Using mathematical modelling, researchers studied in detail the spectrum of various acoustic modes occurring within the diamond structure, using a visualization of the areas of acoustic displacement. They paid particular attention to resonances that occur as a result of a whole spectrum of natural oscillation frequencies in the layered "sandwich." In the simplest case, this frequency corresponds to the frequency at which an elastic system would oscillate in the absence of external influences. Touching and releasing an ordinary pendulum, for example, causes it to swing with a natural frequency, and applying force with this frequency is most effective for its swing. Resonance is when the natural frequency and the excitation frequency coincide—the oscillation amplitude increases sharply.
Natural frequencies depend on the properties of the materials, as well as the geometry of the structure. This means that detectors can be made to detect even individual bacteria that have become attached to the surface—the bacteria slightly increase the mass of the entire system and shift the resonant frequency.
One of the main results was that the researchers could select and identify different types of waves and form dispersion laws for them.
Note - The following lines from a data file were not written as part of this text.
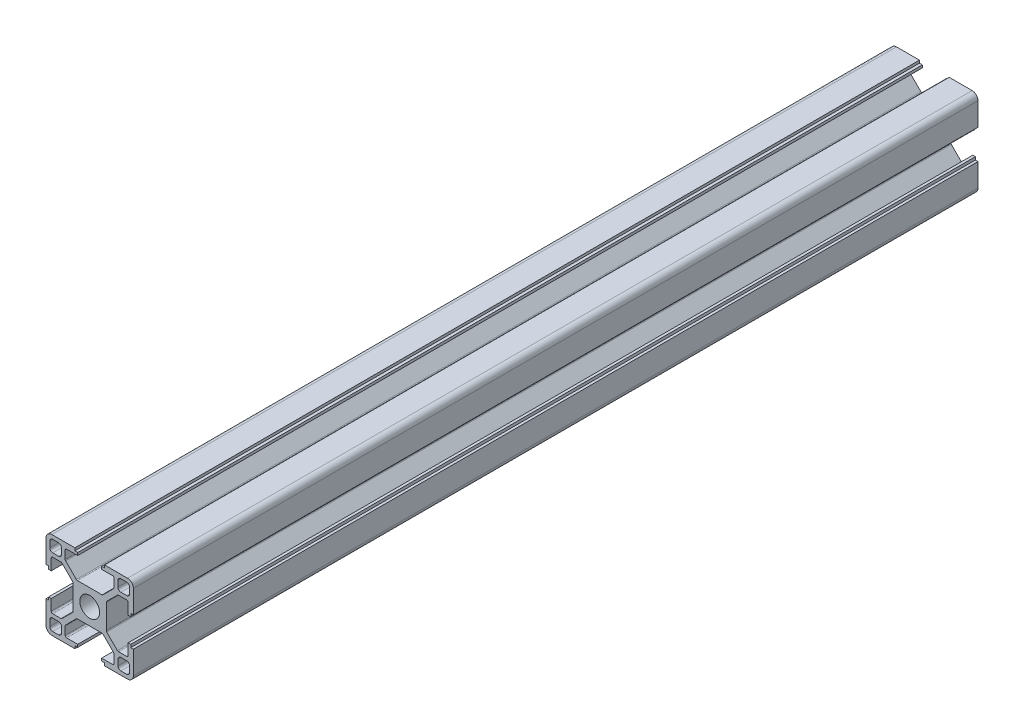
SolidWorks part; units mm, degrees
ref_plane "前视基准面" through (0, 0, 0) normal (0, 0, 1) x (1, 0, 0)
ref_plane "上视基准面" through (0, 0, 0) normal (0, 1, 0) x (1, 0, 0)
ref_plane "右视基准面" through (0, 0, 0) normal (1, 0, 0) x (0, 0, -1)
sketch "草图1" plane through (0, 0, 0) normal (0, 0, 1) x (1, 0, 0)
  line L0 (0, 0) -> (0, 65.3905) construction
  line L1 (0, 0) -> (64.2648, 0) construction
  line L2 (0, 0) -> (79.9729, 79.9729) construction
  line L3 (5.7, 0) -> (5.7, 4.4272)
  line L4 (5.7, 4.4272) -> (9.6728, 8.4)
  line L5 (9.6728, 8.4) -> (13.2, 8.4)
  line L6 (13.2, 8.4) -> (13.2, 4.1)
  line L7 (13.2, 4.1) -> (14.1, 4.1)
  line L8 (14.1, 4.1) -> (14.1, 5.1)
  line L9 (14.1, 5.1) -> (15, 5.1)
  line L10 (15, 5.1) -> (15, 15)
  line L11 (5.1, 15) -> (15, 15)
  line L12 (5.1, 14.1) -> (5.1, 15)
  line L13 (4.1, 14.1) -> (5.1, 14.1)
  line L14 (4.1, 13.2) -> (4.1, 14.1)
  line L15 (8.4, 13.2) -> (4.1, 13.2)
  line L16 (8.4, 9.6728) -> (8.4, 13.2)
  line L17 (4.4272, 5.7) -> (8.4, 9.6728)
  line L18 (0, 5.7) -> (4.4272, 5.7)
  line L20 (9.7, 9.7) -> (13.7, 9.7)
  line L21 (9.7, 9.7) -> (9.7, 13.7)
  line L22 (9.7, 13.7) -> (13.7, 13.7)
  line L23 (13.7, 9.7) -> (13.7, 13.7)
  line L24 (9.7, 9.7) -> (13.7, 13.7) construction
  line L25 (9.7, 13.7) -> (13.7, 9.7) construction
  line L26 (0, 5.7) -> (0, 0)
  line L27 (0, 0) -> (5.7, 0)
  point P9 (11.7, 11.7)
  dimension "D1" = 45
  dimension "D2" = 5.7
  dimension "D3" = 1.8
  dimension "D4" = 0.9
  dimension "D5" = 8.2
  dimension "D6" = 10.2
  dimension "D7" = 1.8
  dimension "D8" = 15
  dimension "D9" = 16.8
  dimension "D10" = 4
  dimension "D11" = 1.3
extrude "凸台-拉伸1" add sketch "草图1" along normal blind 290 contours L3 L4 L5 L6 L7 L8 L9 L10 L11 L12 L13 L14 L15 L16 L17 L18 L26 L27
fillet "圆角1" radius 1 4 edges at (9.7, 9.7, 145) (13.7, 9.7, 145) (9.7, 13.7, 145) (13.7, 13.7, 145)
fillet "圆角2" radius 2 1 edges at (15, 15, 145)
fillet "圆角3" radius 0.5 6 edges at (5.7, 4.4272, 145) (4.4272, 5.7, 145) (8.4, 13.2, 145) (8.4, 9.6728, 145) (9.6728, 8.4, 145) (13.2, 8.4, 145)
pattern_circular "阵列(圆周)1" count 4 over 360 about axis through (0, 0, 0) along (0, 0, 1) of "圆角2", "圆角3", "凸台-拉伸1", "圆角1"
sketch "草图2" plane through (0, 0, 290) normal (0, 0, 1) x (1, 0, 0)
  circle A0 centre (0, 0) radius 3.4
  dimension "D1" = 6.8
extrude "切除-拉伸1" cut sketch "草图2" against normal through all
cosmetic thread "装饰螺纹线1" parameters "D1"=20, "D2"=8
cosmetic thread "装饰螺纹线2" parameters "D1"=20, "D2"=8
sketch "草图3" plane through (0, 0, 0) normal (1, 0, 0) x (0, 0, -1)
  line L0 (-145, 60.2652) -> (-145, -70.1349) construction
  line L1 (-318.169, 0) -> (51.4974, 0) construction
  line L2 (0, 5.1) -> (0, 13) construction
  line L3 (-290, 5.1) -> (-290, 13) construction
  circle A0 centre (-145, 0) radius 3.05
  dimension "D1" = 6.1
extrude "切除-拉伸2" cut sketch "草图3" against normal mid plane 20

The results will be useful in the development of microwave acoustoelectronic devices.
Acoustoelectronics is a science combining solid-state physics, semiconductors and radioelectronics that studies the principles of building devices to detect, convert, and process signals. Acoustic resonators are widely used in science and technology as sensing elements in various physical and chemical sensors and in medical devices. Cavity resonators are popular because of their miniature size and high quality, while resonating at high and ultra-high frequencies. The higher the operating frequencies, the smaller the cross-sectional dimensions of resonators are required (~100 microns for a frequency of ~10 GHz).